§ **YOUR TASK**:
Copy every line of the entries that has the string "against" in it.

Records from a dataset
**********

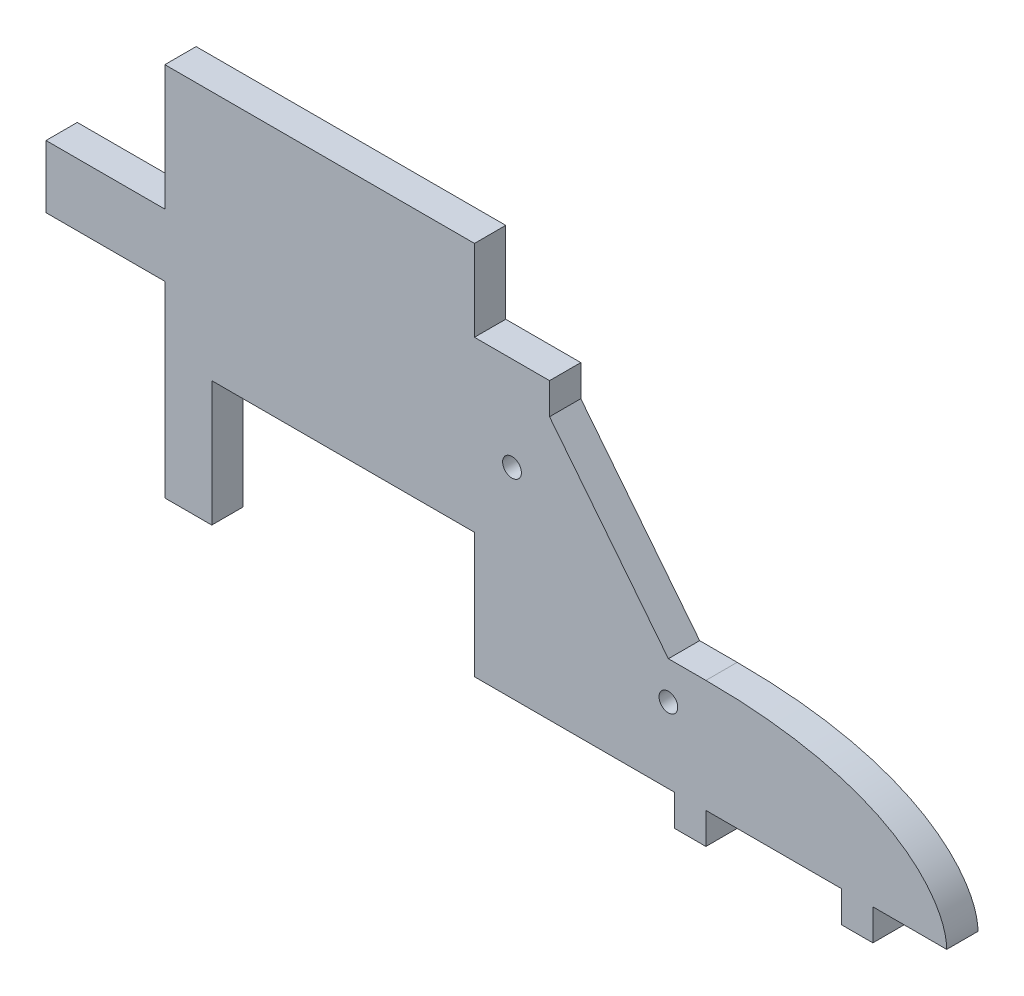
SolidWorks part; units mm, degrees
ref_plane "Plan de face" through (0, 0, 0) normal (0, 0, 1) x (1, 0, 0)
ref_plane "Plan de dessus" through (0, 0, 0) normal (0, 1, 0) x (1, 0, 0)
ref_plane "Plan de droite" through (0, 0, 0) normal (1, 0, 0) x (0, 0, -1)
sketch "Esquisse1" plane through (0, 0, 0) normal (0, 0, 1) x (1, 0, 0)
  line L0 (12, 42) -> (31, 18)
  line L1 (0, 0) -> (32, 0)
  line L2 (0, 0) -> (0, 47)
  line L3 (0, 47) -> (12, 47)
  line L4 (37, 0) -> (37, 18)
  line L6 (12, 47) -> (12, 42)
  line L7 (31, 18) -> (37, 18)
  line L8 (37, 0) -> (37, -5)
  line L9 (37, -5) -> (32, -5)
  line L10 (32, 0) -> (32, -5)
  circle A0 centre (6, 32) radius 1.5
  circle A1 centre (31, 12) radius 1.5
  dimension "D3" = 20
  dimension "D4" = 3
  dimension "D1" = 6
  dimension "D2" = 12
  dimension "D5" = 15
  dimension "D6" = 6
  dimension "D7" = 25
  dimension "D8" = 6
  dimension "D9" = 6
  dimension "D10" = 5
  dimension "D11" = 5
  dimension "D12" = 5
  dimension "D13" = 12
extrude "Boss.-Extru.1" add sketch "Esquisse1" along normal blind 5
sketch "Esquisse2" plane through (0, 0, 0) normal (0, 0, -1) x (-1, 0, 0)
  line L0 (-37, 18) -> (-31, 18) construction
  line L1 (-37, 0) -> (-58.6922, 0)
  line L2 (-37, 0) -> (-37, 18)
  line L3 (-63.6922, 0) -> (-75.5, 0)
  line L4 (42, 0) -> (49.5, 0)
  line L5 (0, 20) -> (0, 60)
  line L6 (0, 60) -> (20, 60)
  line L7 (-10, 167) -> (-1, 167)
  line L8 (0, 0) -> (-32, 0) construction
  line L9 (20, 60) -> (20, 90)
  line L10 (49.5, 120) -> (49.5, 142)
  line L11 (49.5, 0) -> (49.5, 30)
  line L12 (49.5, 30) -> (68.5, 30)
  line L14 (49.5, 40) -> (68.5, 40)
  line L15 (-63.6922, 0) -> (-63.6922, -5)
  line L16 (-63.6922, -5) -> (-58.6922, -5)
  line L17 (-58.6922, 0) -> (-58.6922, -5)
  line L18 (0, 20) -> (42, 20)
  line L19 (68.5, 30) -> (68.5, 40)
  line L20 (49.5, 120) -> (68.5, 120)
  line L21 (49.5, 40) -> (49.5, 110)
  line L22 (0, 47) -> (0, 0) construction
  line L23 (-20, 167) -> (-20, 172)
  line L24 (-20, 172) -> (-10, 172)
  line L25 (-10, 167) -> (-10, 172)
  line L26 (0, 0) -> (-32, 0) construction
  line L27 (42, 20) -> (42, 0)
  line L28 (49.5, 110) -> (68.5, 110)
  line L29 (-37, -5) -> (-37, 18) construction
  line L30 (-1, 167) -> (-1, 142)
  line L31 (20, 90) -> (-25, 90)
  line L32 (-1, 142) -> (49.5, 142)
  line L33 (-20, 167) -> (-25, 167)
  line L34 (-25, 90) -> (-25, 167)
  line L35 (68.5, 120) -> (68.5, 110)
  spline S0 degree 3 poles (-75.5, 0) (-75.5, 5.9822) (-67.6854, 18) (-37, 18) knots 0 0 0 0 1 1 1 1
  dimension "D1" = 38.5
  dimension "D2" = 20
  dimension "D3" = 167
  dimension "D4" = 49.5
  dimension "D5" = 5
  dimension "D6" = 30
  dimension "D7" = 10
  dimension "D8" = 10
  dimension "D9" = 30
  dimension "D10" = 70
  dimension "D11" = 19
  dimension "D12" = 5
  dimension "D13" = 42
  dimension "D14" = 20
  dimension "D15" = 40
  dimension "D16" = 45
  dimension "D17" = 5
  dimension "D19" = 25
  dimension "D21" = 24
extrude "Boss.-Extru.2" add sketch "Esquisse2" against normal blind 5
sketch "Esquisse3" plane through (0, 0, 0) normal (0, 0, -1) x (-1, 0, 0)
  line L0 (20, 60) -> (0, 60) construction
  line L1 (-49.1545, 182.2243) -> (187.1338, 182.2243)
  line L2 (-49.1545, 182.2243) -> (-49.1545, 60)
  line L3 (-49.1545, 60) -> (187.1338, 60)
  line L4 (187.1338, 182.2243) -> (187.1338, 60)
extrude "Enlèv. mat.-Extru.1" cut sketch "Esquisse3" against normal blind 5
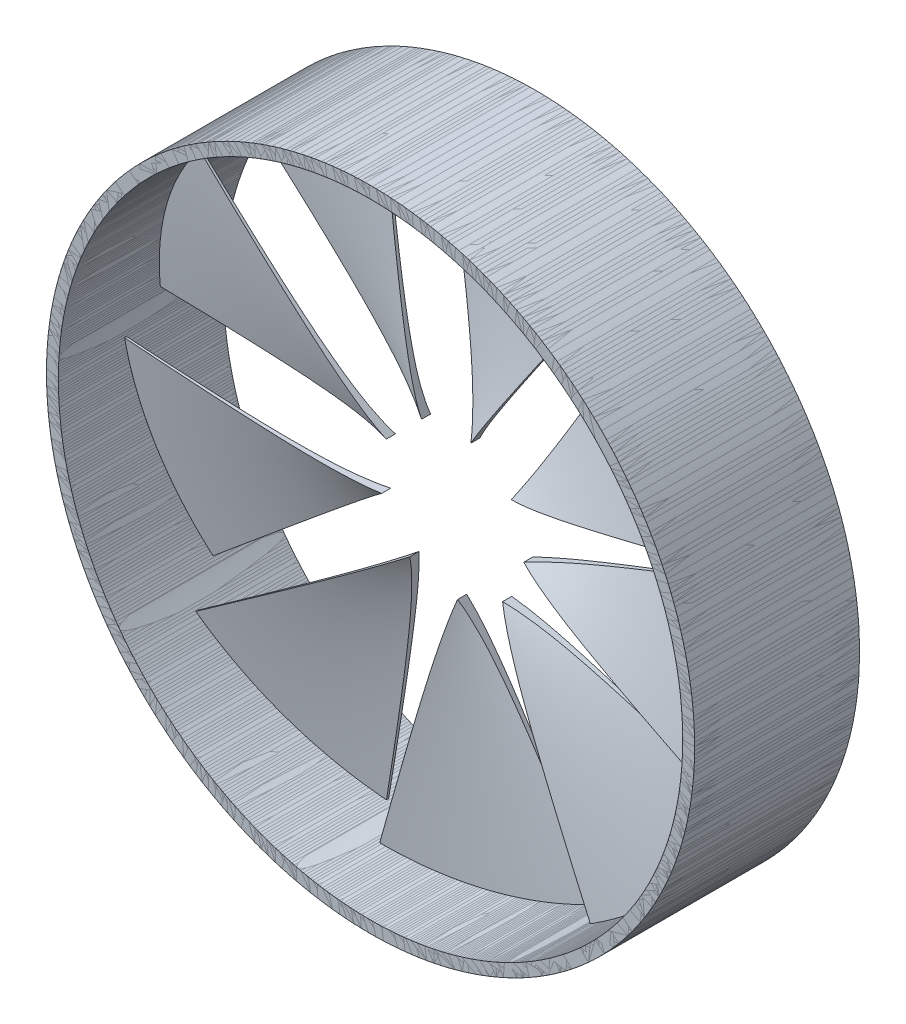
SolidWorks part; units mm, degrees
ref_plane "Front Plane" through (0, 0, 0) normal (0, 0, 1) x (1, 0, 0)
ref_plane "Top Plane" through (0, 0, 0) normal (0, 1, 0) x (1, 0, 0)
ref_plane "Right Plane" through (0, 0, 0) normal (1, 0, 0) x (0, 0, -1)
sketch "Sketch1" plane through (0, 0, 0) normal (0, 0, 1) x (1, 0, 0)
  circle A0 centre (0, 0) radius 137.5645
  dimension "D1" = 275.1291
curve "Helix/Spiral1" pitch 150 height 30 radius 137.5645 left hand yes centre (0, 0, 0) axis (0, 0, 1) start towards (-1, 0, 0)
sketch "Sketch2" plane through (0, 0, 0) normal (0, 0, 1) x (1, 0, 0)
  line L1 (-137.5645, 0) -> (-28.89, 0)
  line L2 (-137.5645, 0) -> (-137.5645, 5)
  line L3 (-137.5645, 5) -> (-28.89, 5)
  line L4 (-28.89, 0) -> (-28.89, 5)
  spline S0 degree 3 poles (-137.5645, 0) (-137.5646, 5.7586) (-136.8395, 17.2886) (-133.5938, 34.3006) (-128.2414, 50.7745) (-120.8664, 66.4468) (-111.5854, 81.0715) (-100.5445, 94.4176) (-87.9181, 106.2746) (-73.9046, 116.4558) (-58.7281, 124.7996) (-47.9865, 129.0522) (-42.5098, 130.8317) knots 0 0 0 0 0.1 0.2 0.3 0.4 0.5 0.6 0.7 0.8 0.9 1 1 1 1 construction
  dimension "D3" = 28.89
sweep "Sweep1" add profiles "Sketch2" path "Helix/Spiral1"
ref_plane "Plane1" through (0, 0, 0) normal (0, 0, 1) x (1, 0, 0)
sketch "Sketch9" plane through (0, 0, 0) normal (0, 0, 1) x (1, 0, 0)
  line L0 (-27.777, 13.1653) -> (-104.2926, 89.6808)
  line L1 (-27.777, 13.1653) -> (-136.917, 13.1653)
  arc A0 (-104.2926, 89.6808) -> (-136.917, 13.1653) centre (0, 0) ccw
  dimension "D2" = 45
  dimension "D1" = 137.5485
  dimension "D3" = 109.14
extrude "Cut-Extrude1" cut sketch "Sketch9" along normal blind 40 flip side to cut
sketch "Sketch10" plane through (0, 0, 0) normal (0, 0, 1) x (1, 0, 0)
  circle A0 centre (0, 0) radius 132.5645
  circle A1 centre (0, 0) radius 137.5645
  dimension "D2" = 265.1291
extrude "Boss-Extrude1" add sketch "Sketch10" along normal blind 45 and the other way blind 25
pattern_circular "CirPattern2" count 9 over 360 about axis through (0, 0, -25) along (0, 0, 1) reverse direction yes of bodies 103
equation "\"ThrusterDim\"=160.5mm"
equation "\"hatchHoleDiameter\"=600mm"
equation "\"hullThickness\"=177.1mm"
equation "\"gasketHullInterconnectWidth\"=100mm"
equation "\"collarThickness\"=20mm"
equation "\"hatchTunnelLength\"=200mm"
equation "\"oRingDiameter\"=2mm"
equation "\"boltPatternRadiusInterconnect\"=500mm"
equation "\"interconnectBoltDiameter\"=30mm"
equation "\"hatchShaftDiameter\"=20mm"
equation "\"hatchMinima\"=39.9mm"
equation "\"hullDiameter\"=2240mm"
equation "\"hatchMaxima\"=180mm"
equation "\"bushingFlatHatch\"=15mm"
equation "\"hingePivotDiameter\"=20mm"
equation "\"handleWidth\"=250mm"
equation "\"handleHeight\"=160mm"
equation "\"handleThickness\"=25mm"
equation "\"FrameLength\"=2600mm"
equation "\"FrameMidLength\"=1800mm"
equation "\"TubeOD\"=100mm"
equation "\"FrameBackFlat\"=500mm"
equation "\"TubeWall\"=15.0001mm"
equation "\"TopMemberAngle\"=140deg"
equation "\"FrameHight\"=2500mm"
equation "\"D1@Sketch1\"=\"ThrusterDim\" *2 *0.8571"
equation "\"D2@Sketch10\"=\"ThrusterDim\" *2 *0.8571-10"
equation "\"th\"=16.5237"
equation "\"D3@Sketch2\"=\"ThrusterDim\" *0.18"
equation "\"D1@Sketch9\"=\"ThrusterDim\" *0.857"
equation "\"D3@Sketch9\"=\"ThrusterDim\" *0.68"

**********

§ **REPLY**:
extrude "Boss.-Extru.2" add sketch "Esquisse2" against normal blind 5
extrude "Enlèv. mat.-Extru.1" cut sketch "Esquisse3" against normal blind 5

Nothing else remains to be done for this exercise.